The Eurozone services PMI edged down to 48.6 points, S&P Global data showed on Friday, whereas the composite fell more – to 47.3 – dragged down by gloomy manufacturing.
While Italy’s services PMI also declined to 46.4, leaving the composite down to 45.8. In Spain the services PMI rose to 49.7, but the composite fell to 48. Today’s Eurozone data were slightly better-than-expected, as German and French PMIs were revised up from the flash. But this does not make the outlook rosier.
GDP doesn’t limit worries on the Eurozone economy
Indeed, while GDP surprised to the upside in Q3, high-frequency data suggest that the eurozone is headed for a recession this winter. Amid elevated inflation denting purchasing power and high energy and production costs dampening manufacturing.

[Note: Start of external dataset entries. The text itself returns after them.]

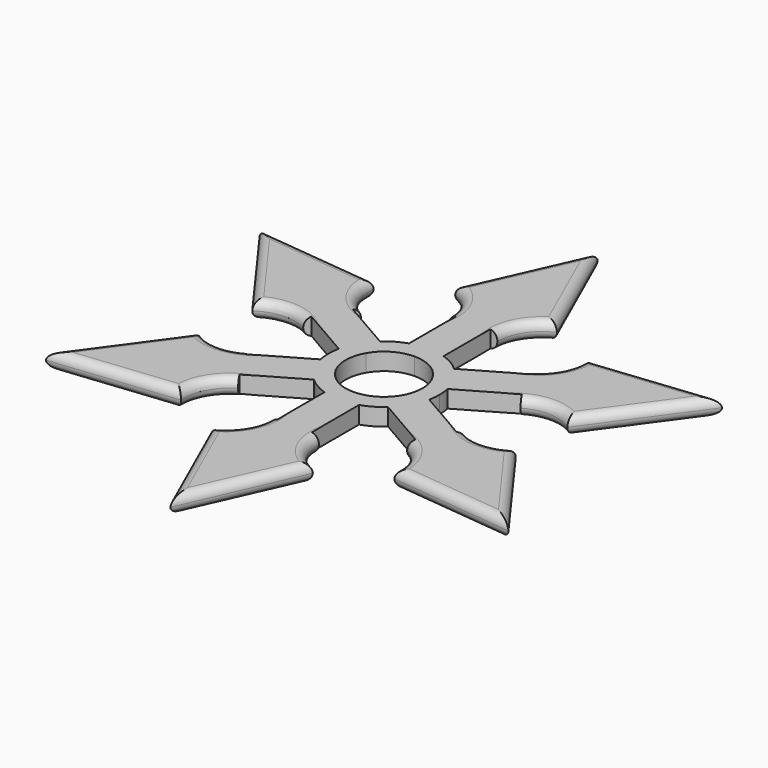
from build123d import *

# Parameters (mm, degrees)
F1_DEPTH     = 5
F2_DEPTH     = 5
F3_T1_DEPTH  = 48.744289009
F3_T3_DEPTH  = 48.744289009
F3_T5_DEPTH  = 48.744289009
F3_T7_DEPTH  = 48.744289009
F3_T9_DEPTH  = 48.744289009
F3_T11_DEPTH = 48.744289009
F3_T13_DEPTH = 48.744289009
F3_T15_DEPTH = 48.744289009
F3_T17_DEPTH = 48.744289009
F3_T19_DEPTH = 48.744289009
F3_T21_DEPTH = 48.744289009
F3_T23_DEPTH = 48.744289009
F3_T26_ANGLE = 121.141520227
F3_T28_ANGLE = 121.141520227
F3_T30_ANGLE = 121.141520227
F3_T32_ANGLE = 121.141520227
F3_T34_ANGLE = 121.141520227
F3_T36_ANGLE = 121.141520227
F3_T38_ANGLE = 121.141520227
F3_T40_ANGLE = 121.141520227
F3_T42_ANGLE = 121.141520227
F3_T44_ANGLE = 121.141520227
F3_T46_ANGLE = 121.141520227
F3_T48_ANGLE = 121.141520227
F3_T50_ANGLE = 121.141520227
F3_T52_ANGLE = 121.141520227
F3_T54_ANGLE = 121.141520227
F3_T56_ANGLE = 121.141520227
F3_T58_ANGLE = 121.141520227
F3_T60_ANGLE = 121.141520227
F3_T62_ANGLE = 121.141520227
F3_T64_ANGLE = 121.141520227
F3_T66_ANGLE = 121.141520227
F3_T68_ANGLE = 121.141520227
F3_T70_ANGLE = 121.141520227
F3_T72_ANGLE = 121.141520227


# Not quite as in the source:
# - a fillet or chamfer that OpenCascade refuses, or shapes differently, is made with other operations: its cross-section is extruded or revolved along the edge and cut away or added


with BuildPart() as f1:
    # F0 (on Top) → F1 (new body)
    with BuildSketch(Plane.XY):
        with BuildLine():
            Line((-27.9760162852, 16.1519605331), (-13.9430090009, 8.05))
            ThreePointArc((-13.9430090009, 8.05), (-12.5038298049, 10.142200955), (-10.7535844208, 11.982087552))
            Line((-10.7535844208, 11.982087552), (-25.4760162852, 20.482087552))
            Line((-25.4760162852, 20.482087552), (-27.9760162852, 16.1519605331))
        make_face()
        with BuildLine():
            ThreePointArc((-15.7535844208, 3.3218335142), (-15.0353185797, 5.7575337781), (-13.9430090009, 8.05))
            Line((-13.9430090009, 8.05), (-27.9760162852, 16.1519605331))
            Line((-27.9760162852, 16.1519605331), (-30.4760162852, 11.8218335142))
            Line((-30.4760162852, 11.8218335142), (-15.7535844208, 3.3218335142))
        make_face()
        with BuildLine():
            ThreePointArc((-9.612881982, -5.55), (-11.1, 0), (-9.612881982, 5.55))
            Line((-9.612881982, 5.55), (-13.9430090009, 8.05))
            ThreePointArc((-13.9430090009, 8.05), (-15.0353185797, 5.7575337781), (-15.7535844208, 3.3218335142))
            ThreePointArc((-15.7535844208, 3.3218335142), (-16.1, 0), (-15.7535844208, -3.3218335142))
            ThreePointArc((-15.7535844208, -3.3218335142), (-15.0353185797, -5.7575337781), (-13.9430090009, -8.05))
            Line((-13.9430090009, -8.05), (-9.612881982, -5.55))
        make_face()
        with BuildLine():
            ThreePointArc((-9.612881982, 5.55), (-5.55, 9.612881982), (0, 11.1))
            Line((0, 11.1), (0, 16.1))
            ThreePointArc((0, 16.1), (-2.5314887749, 15.8997347331), (-5, 15.3039210662))
            ThreePointArc((-5, 15.3039210662), (-8.05, 13.9430090009), (-10.7535844208, 11.982087552))
            ThreePointArc((-10.7535844208, 11.982087552), (-12.5038298049, 10.142200955), (-13.9430090009, 8.05))
            Line((-13.9430090009, 8.05), (-9.612881982, 5.55))
        make_face()
        with BuildLine():
            ThreePointArc((0, 11.1), (5.55, 9.612881982), (9.612881982, 5.55))
            Line((9.612881982, 5.55), (13.9430090009, 8.05))
            ThreePointArc((13.9430090009, 8.05), (12.5038298049, 10.142200955), (10.7535844208, 11.982087552))
            ThreePointArc((10.7535844208, 11.982087552), (8.05, 13.9430090009), (5, 15.3039210662))
            ThreePointArc((5, 15.3039210662), (2.5314887749, 15.8997347331), (0, 16.1))
            Line((0, 16.1), (0, 11.1))
        make_face()
        with BuildLine():
            ThreePointArc((9.612881982, 5.55), (10.7217766718, 2.8728914006), (11.1, 0))
            ThreePointArc((11.1, 0), (10.7217766718, -2.8728914006), (9.612881982, -5.55))
            Line((9.612881982, -5.55), (13.9430090009, -8.05))
            ThreePointArc((13.9430090009, -8.05), (15.0353185797, -5.7575337781), (15.7535844208, -3.3218335142))
            ThreePointArc((15.7535844208, -3.3218335142), (16.0131619172, -1.6699237744), (16.1, 0))
            ThreePointArc((16.1, 0), (16.0131619172, 1.6699237744), (15.7535844208, 3.3218335142))
            ThreePointArc((15.7535844208, 3.3218335142), (15.0353185797, 5.7575337781), (13.9430090009, 8.05))
            Line((13.9430090009, 8.05), (9.612881982, 5.55))
        make_face()
        with BuildLine():
            Line((13.9430090009, -8.05), (9.612881982, -5.55))
            ThreePointArc((9.612881982, -5.55), (5.55, -9.612881982), (0, -11.1))
            Line((0, -11.1), (0, -16.1))
            ThreePointArc((0, -16.1), (2.5314887749, -15.8997347331), (5, -15.3039210662))
            ThreePointArc((5, -15.3039210662), (8.05, -13.9430090009), (10.7535844208, -11.982087552))
            ThreePointArc((10.7535844208, -11.982087552), (12.5038298049, -10.142200955), (13.9430090009, -8.05))
        make_face()
        with BuildLine():
            Line((0, -16.1), (0, -11.1))
            ThreePointArc((0, -11.1), (-5.55, -9.612881982), (-9.612881982, -5.55))
            Line((-9.612881982, -5.55), (-13.9430090009, -8.05))
            ThreePointArc((-13.9430090009, -8.05), (-12.5038298049, -10.142200955), (-10.7535844208, -11.982087552))
            ThreePointArc((-10.7535844208, -11.982087552), (-8.05, -13.9430090009), (-5, -15.3039210662))
            ThreePointArc((-5, -15.3039210662), (-2.5314887749, -15.8997347331), (0, -16.1))
        make_face()
        with BuildLine():
            ThreePointArc((-10.7535844208, -11.982087552), (-12.5038298049, -10.142200955), (-13.9430090009, -8.05))
            Line((-13.9430090009, -8.05), (-27.9760162852, -16.1519605331))
            Line((-27.9760162852, -16.1519605331), (-25.4760162852, -20.482087552))
            Line((-25.4760162852, -20.482087552), (-10.7535844208, -11.982087552))
        make_face()
        with BuildLine():
            Line((-27.9760162852, -16.1519605331), (-13.9430090009, -8.05))
            ThreePointArc((-13.9430090009, -8.05), (-15.0353185797, -5.7575337781), (-15.7535844208, -3.3218335142))
            Line((-15.7535844208, -3.3218335142), (-30.4760162852, -11.8218335142))
            Line((-30.4760162852, -11.8218335142), (-27.9760162852, -16.1519605331))
        make_face()
        with BuildLine():
            ThreePointArc((10.7535844208, 11.982087552), (12.5038298049, 10.142200955), (13.9430090009, 8.05))
            Line((13.9430090009, 8.05), (27.9760162852, 16.1519605331))
            Line((27.9760162852, 16.1519605331), (25.4760162852, 20.482087552))
            Line((25.4760162852, 20.482087552), (10.7535844208, 11.982087552))
        make_face()
        with BuildLine():
            Line((27.9760162852, 16.1519605331), (13.9430090009, 8.05))
            ThreePointArc((13.9430090009, 8.05), (15.0353185797, 5.7575337781), (15.7535844208, 3.3218335142))
            Line((15.7535844208, 3.3218335142), (30.4760162852, 11.8218335142))
            Line((30.4760162852, 11.8218335142), (27.9760162852, 16.1519605331))
        make_face()
        with BuildLine():
            Line((0, 32.3039210662), (0, 16.1))
            ThreePointArc((0, 16.1), (2.5314887749, 15.8997347331), (5, 15.3039210662))
            Line((5, 15.3039210662), (5, 32.3039210662))
            Line((5, 32.3039210662), (0, 32.3039210662))
        make_face()
        with BuildLine():
            ThreePointArc((-5, 15.3039210662), (-2.5314887749, 15.8997347331), (0, 16.1))
            Line((0, 16.1), (0, 32.3039210662))
            Line((0, 32.3039210662), (-5, 32.3039210662))
            Line((-5, 32.3039210662), (-5, 15.3039210662))
        make_face()
        with BuildLine():
            ThreePointArc((15.7535844208, -3.3218335142), (15.0353185797, -5.7575337781), (13.9430090009, -8.05))
            Line((13.9430090009, -8.05), (27.9760162852, -16.1519605331))
            Line((27.9760162852, -16.1519605331), (30.4760162852, -11.8218335142))
            Line((30.4760162852, -11.8218335142), (15.7535844208, -3.3218335142))
        make_face()
        with BuildLine():
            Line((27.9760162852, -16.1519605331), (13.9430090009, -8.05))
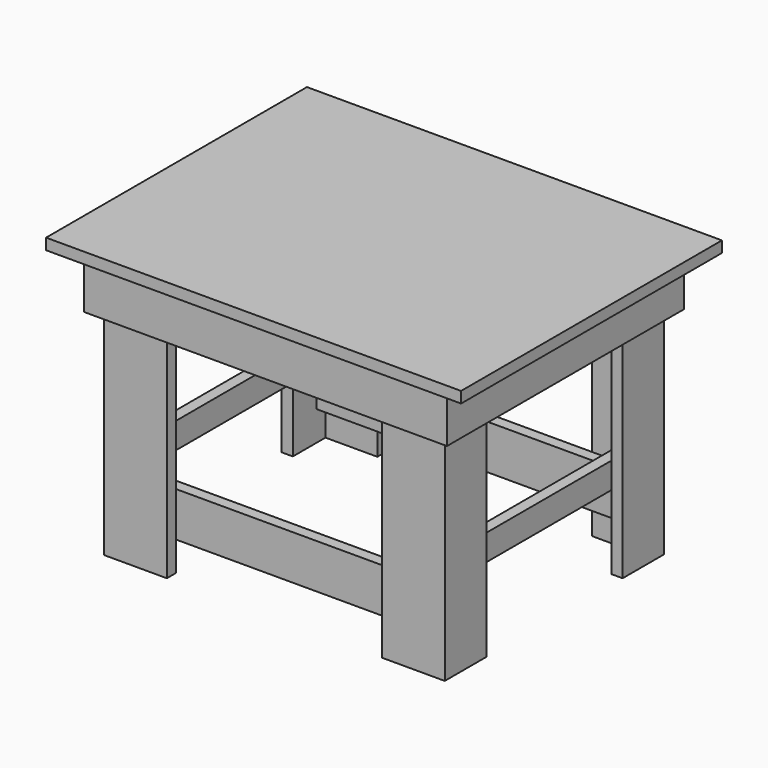
from build123d import *

# Parameters (mm, degrees)
F0_W      = 711.2
F0_H      = 558.8
F1_DEPTH  = 19.05
F2_W      = 622.3
F2_H      = 19.05
F3_DEPTH  = 88.9
F4_W      = 19.05
F4_H      = 469.9
F5_DEPTH  = 88.9
F6_W      = 88.9
F6_H      = 19.05
F7_DEPTH  = 457.2
F9_W      = 546.1
F9_H      = 19.05
F10_DEPTH = 76.2
F11_W     = 19.05
F11_H     = 431.8
F12_DEPTH = 44.45
F14_DEPTH = 19.05
F16_DEPTH = 19.05


with BuildPart() as f1:
    # F0 (on Top) → F1 (new body)
    with BuildSketch(Plane.XY):
        Rectangle(F0_W, F0_H)
    extrude(amount=-F1_DEPTH)

    # F2 (on face) → F3 (join)
    with BuildSketch(Plane(origin=(0, 0, -19.05), x_dir=(1, 0, 0), z_dir=(0, 0, -1))):
        with Locations((0, 244.475)):
            Rectangle(F2_W, F2_H)
        with Locations((0, -244.475)):
            Rectangle(F2_W, F2_H)
    extrude(amount=F3_DEPTH)

    # F4 (on face) → F5 (join)
    with BuildSketch(Plane(origin=(0, 0, -19.05), x_dir=(1, 0, 0), z_dir=(0, 0, -1))):
        with Locations((-301.625, 0)):
            Rectangle(F4_W, F4_H)
        with Locations((301.625, 0)):
            Rectangle(F4_W, F4_H)
    extrude(amount=F5_DEPTH)

    # F6 (on face) → F7 (join)
    with BuildSketch(Plane(origin=(0, 0, -19.05), x_dir=(1, 0, 0), z_dir=(0, 0, -1))):
        Polygon((-273.05, 234.95), (-292.1, 234.95), (-292.1, 146.05), (-273.05, 146.05), (-273.05, 215.9), align=None)
        with Locations((-228.6, 225.425)):
            Rectangle(F6_W, F6_H)
        Polygon((292.1, 184.15), (292.1, 234.95), (273.05, 234.95), (273.05, 215.9), (273.05, 146.05), (292.1, 146.05), align=None)
        with Locations((228.6, 225.425)):
            Rectangle(F6_W, F6_H)
        Polygon((273.05, -234.95), (292.1, -234.95), (292.1, -184.15), (292.1, -146.05), (273.05, -146.05), (273.05, -215.9), align=None)
        with Locations((228.6, -225.425)):
            Rectangle(F6_W, F6_H)
        Polygon((-292.1, -146.05), (-292.1, -234.95), (-273.05, -234.95), (-273.05, -215.9), (-273.05, -146.05), align=None)
        with Locations((-228.6, -225.425)):
            Rectangle(F6_W, F6_H)
    extrude(amount=F7_DEPTH)

    # F9 (on face) → F10 (join)
    with BuildSketch(Plane(origin=(0, 0, -349.25), x_dir=(1, 0, 0), z_dir=(0, 0, -1))):
        with Locations((0, -206.375)):
            Rectangle(F9_W, F9_H)
        with Locations((0, 206.375)):
            Rectangle(F9_W, F9_H)
    extrude(amount=F10_DEPTH)

    # F11 (on face) → F12 (join)
    with BuildSketch(Plane(origin=(0, 0, -349.25), x_dir=(1, 0, 0), z_dir=(0, 0, -1))):
        Polygon((254, -215.9), (273.05, -215.9), (273.05, 215.9), (254, 215.9), (254, 0), align=None)
        with Locations((-263.525, 0)):
            Rectangle(F11_W, F11_H)
    extrude(amount=-F12_DEPTH)

    # F13 (on face) → F14 (join)
    with BuildSketch(Plane(origin=(273.05, 0, 0), x_dir=(0, -1, 0), z_dir=(-1, 0, 0))):
        Polygon((-144.0579510314, -19.05), (-215.9, -90.8920489686), (-215.9, -153.753841816), (-81.196158184, -19.05), align=None)
        Polygon((215.9, -153.753841816), (215.9, -90.8920489686), (144.0579510314, -19.05), (81.196158184, -19.05), align=None)
    extrude(amount=F14_DEPTH)

    # F15 (on face) → F16 (join)
    with BuildSketch(Plane.YZ.offset(-273.05)):
        Polygon((-144.0579510314, -19.05), (-215.9, -90.8920489686), (-215.9, -153.753841816), (-81.196158184, -19.05), align=None)
        Polygon((144.0579510314, -19.05), (81.196158184, -19.05), (215.9, -153.753841816), (215.9, -90.8920489686), align=None)
    extrude(amount=F16_DEPTH)


solid = f1.part
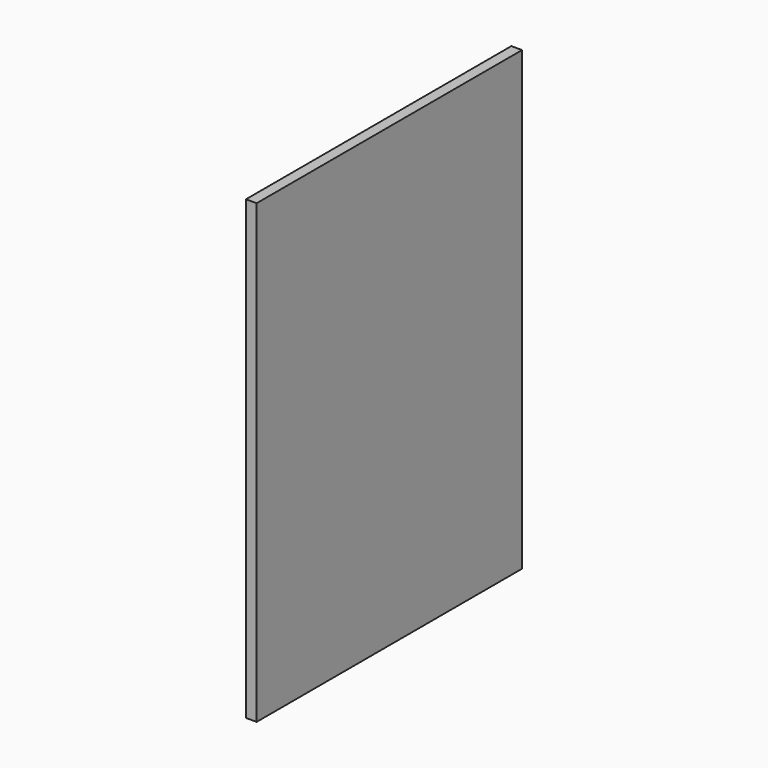
from build123d import *

# Parameters (mm, degrees)
F0_W     = 4.65
F0_H     = 6.4
F1_DEPTH = 0.15
F3_DEPTH = 0.2
F4_R     = 0.19999
F4_2_R   = 0.19999
F4_3_R   = 0.19999
F4_4_R   = 0.19999


# Not quite as in the source:
# - a fillet or chamfer is up to 0.001 mm smaller than in the source, because OpenCascade refuses the exact size


with BuildPart() as f1:
    # F0 (on Right) → F1 (new body)
    with BuildSketch(Plane.YZ):
        with Locations((0, 3.2)):
            Rectangle(F0_W, F0_H)
    extrude(amount=-F1_DEPTH)


with BuildPart() as f3:
    # F2 (on face) → F3 (new body)
    with BuildSketch(Plane(origin=(-0.15, 0, 0), x_dir=(0, -1, 0), z_dir=(-1, 0, 0))):
        with BuildLine():
            Line((-1.55, 0.45), (1.55, 0.45))
            ThreePointArc((1.55, 0.45), (1.7267766953, 0.5232233047), (1.8, 0.7))
            Line((1.8, 0.7), (1.8, 1.2))
            ThreePointArc((1.8, 1.2), (1.7267766953, 1.3767766953), (1.55, 1.45))
            Line((1.55, 1.45), (-1.55, 1.45))
            ThreePointArc((-1.55, 1.45), (-1.7267766953, 1.3767766953), (-1.8, 1.2))
            Line((-1.8, 1.2), (-1.8, 0.7))
            ThreePointArc((-1.8, 0.7), (-1.7267766953, 0.5232233047), (-1.55, 0.45))
        make_face()
    extrude(amount=F3_DEPTH)

    # F4#4 (radius 0.2 in the source; OpenCascade refuses exactly that, so slightly less here)
    f4_4_edges = [f3.edges().sort_by_distance(p)[0] for p in [
        (-0.35, 0, 0.45),
        (-0.35, -1.726777, 0.523223),
        (-0.35, -1.8, 0.95),
        (-0.35, -1.726777, 1.376777),
        (-0.35, 0, 1.45),
        (-0.35, 1.726777, 1.376777),
        (-0.35, 1.8, 0.95),
        (-0.35, 1.726777, 0.523223),
    ]]
    fillet(f4_4_edges, radius=F4_4_R)


with BuildPart() as f3b:
    # F2 (on face) → F3, piece 2 (new body)
    with BuildSketch(Plane(origin=(-0.15, 0, 0), x_dir=(0, -1, 0), z_dir=(-1, 0, 0))):
        with BuildLine():
            Line((-1.5452531883, 1.9499924892), (1.5547468117, 1.9499924892))
            ThreePointArc((1.5547468117, 1.9499924892), (1.731523507, 2.0232157939), (1.8047468117, 2.1999924892))
            Line((1.8047468117, 2.1999924892), (1.8047468117, 2.6999924892))
            ThreePointArc((1.8047468117, 2.6999924892), (1.731523507, 2.8767691845), (1.5547468117, 2.9499924892))
            Line((1.5547468117, 2.9499924892), (-1.5452531883, 2.9499924892))
            ThreePointArc((-1.5452531883, 2.9499924892), (-1.7220298836, 2.8767691845), (-1.7952531883, 2.6999924892))
            Line((-1.7952531883, 2.6999924892), (-1.7952531883, 2.1999924892))
            ThreePointArc((-1.7952531883, 2.1999924892), (-1.7220298836, 2.0232157939), (-1.5452531883, 1.9499924892))
        make_face()
    extrude(amount=F3_DEPTH)

    # F4#3 (radius 0.2 in the source; OpenCascade refuses exactly that, so slightly less here)
    f4_3_edges = [f3b.edges().sort_by_distance(p)[0] for p in [
        (-0.35, 1.72203, 2.023216),
        (-0.35, -0.004747, 1.949992),
        (-0.35, -1.731524, 2.023216),
        (-0.35, -1.804747, 2.449992),
        (-0.35, -1.731524, 2.876769),
        (-0.35, -0.004747, 2.949992),
        (-0.35, 1.72203, 2.876769),
        (-0.35, 1.795253, 2.449992),
    ]]
    fillet(f4_3_edges, radius=F4_3_R)


with BuildPart() as f3c:
    # F2 (on face) → F3, piece 3 (new body)
    with BuildSketch(Plane(origin=(-0.15, 0, 0), x_dir=(0, -1, 0), z_dir=(-1, 0, 0))):
        with BuildLine():
            Line((-1.5405063767, 3.4499849785), (1.5594936233, 3.4499849785))
            ThreePointArc((1.5594936233, 3.4499849785), (1.7362703186, 3.5232082832), (1.8094936233, 3.6999849785))
            Line((1.8094936233, 3.6999849785), (1.8094936233, 4.1999849785))
            ThreePointArc((1.8094936233, 4.1999849785), (1.7362703186, 4.3767616738), (1.5594936233, 4.4499849785))
            Line((1.5594936233, 4.4499849785), (-1.5405063767, 4.4499849785))
            ThreePointArc((-1.5405063767, 4.4499849785), (-1.7172830719, 4.3767616738), (-1.7905063767, 4.1999849785))
            Line((-1.7905063767, 4.1999849785), (-1.7905063767, 3.6999849785))
            ThreePointArc((-1.7905063767, 3.6999849785), (-1.7172830719, 3.5232082832), (-1.5405063767, 3.4499849785))
        make_face()
    extrude(amount=F3_DEPTH)

    # F4#2 (radius 0.2 in the source; OpenCascade refuses exactly that, so slightly less here)
    f4_2_edges = [f3c.edges().sort_by_distance(p)[0] for p in [
        (-0.35, 1.717283, 3.523208),
        (-0.35, -0.009494, 3.449985),
        (-0.35, -1.73627, 3.523208),
        (-0.35, -1.809494, 3.949985),
        (-0.35, -1.73627, 4.376762),
        (-0.35, -0.009494, 4.449985),
        (-0.35, 1.717283, 4.376762),
        (-0.35, 1.790506, 3.949985),
    ]]
    fillet(f4_2_edges, radius=F4_2_R)


with BuildPart() as f3d:
    # F2 (on face) → F3, piece 4 (new body)
    with BuildSketch(Plane(origin=(-0.15, 0, 0), x_dir=(0, -1, 0), z_dir=(-1, 0, 0))):
        with BuildLine():
            Line((-1.535759565, 4.9499774677), (1.564240435, 4.9499774677))
            ThreePointArc((1.564240435, 4.9499774677), (1.7410171303, 5.0232007724), (1.814240435, 5.1999774677))
            Line((1.814240435, 5.1999774677), (1.814240435, 5.6999774677))
            ThreePointArc((1.814240435, 5.6999774677), (1.7410171303, 5.876754163), (1.564240435, 5.9499774677))
            Line((1.564240435, 5.9499774677), (-1.535759565, 5.9499774677))
            ThreePointArc((-1.535759565, 5.9499774677), (-1.7125362603, 5.876754163), (-1.785759565, 5.6999774677))
            Line((-1.785759565, 5.6999774677), (-1.785759565, 5.1999774677))
            ThreePointArc((-1.785759565, 5.1999774677), (-1.7125362603, 5.0232007724), (-1.535759565, 4.9499774677))
        make_face()
    extrude(amount=F3_DEPTH)

    # F4 (radius 0.2 in the source; OpenCascade refuses exactly that, so slightly less here)
    f4_edges = [f3d.edges().sort_by_distance(p)[0] for p in [
        (-0.35, 1.712536, 5.023201),
        (-0.35, -0.01424, 4.949977),
        (-0.35, -1.741017, 5.023201),
        (-0.35, -1.81424, 5.449977),
        (-0.35, -1.741017, 5.876754),
        (-0.35, -0.01424, 5.949977),
        (-0.35, 1.712536, 5.876754),
        (-0.35, 1.78576, 5.449977),
    ]]
    fillet(f4_edges, radius=F4_R)


solid = Compound([f1.part, f3.part, f3b.part, f3c.part, f3d.part])

Italy among the worst in the euro area
In Italy, service firms lamented lower orders and demand due to high prices and uncertainty. As a result, expectations were at a nearly two-year low. While higher costs were passed on to clients, the ability to do so was limited by the weakness of demand and by competitive pressures.
Despite the improvement in the headline number, the details of the Spanish services survey are not encouraging either; future prospects remain gloomy, amid high uncertainty and price pressures.
If Italy cries, Germany and France don’t smile…
In September, French industrial production fell, with a widespread decline across categories. While German industrial orders dropped, but real turnover edged up, suggesting that easing bottlenecks and large backlogs will soften the immediate impact on output from lower orders.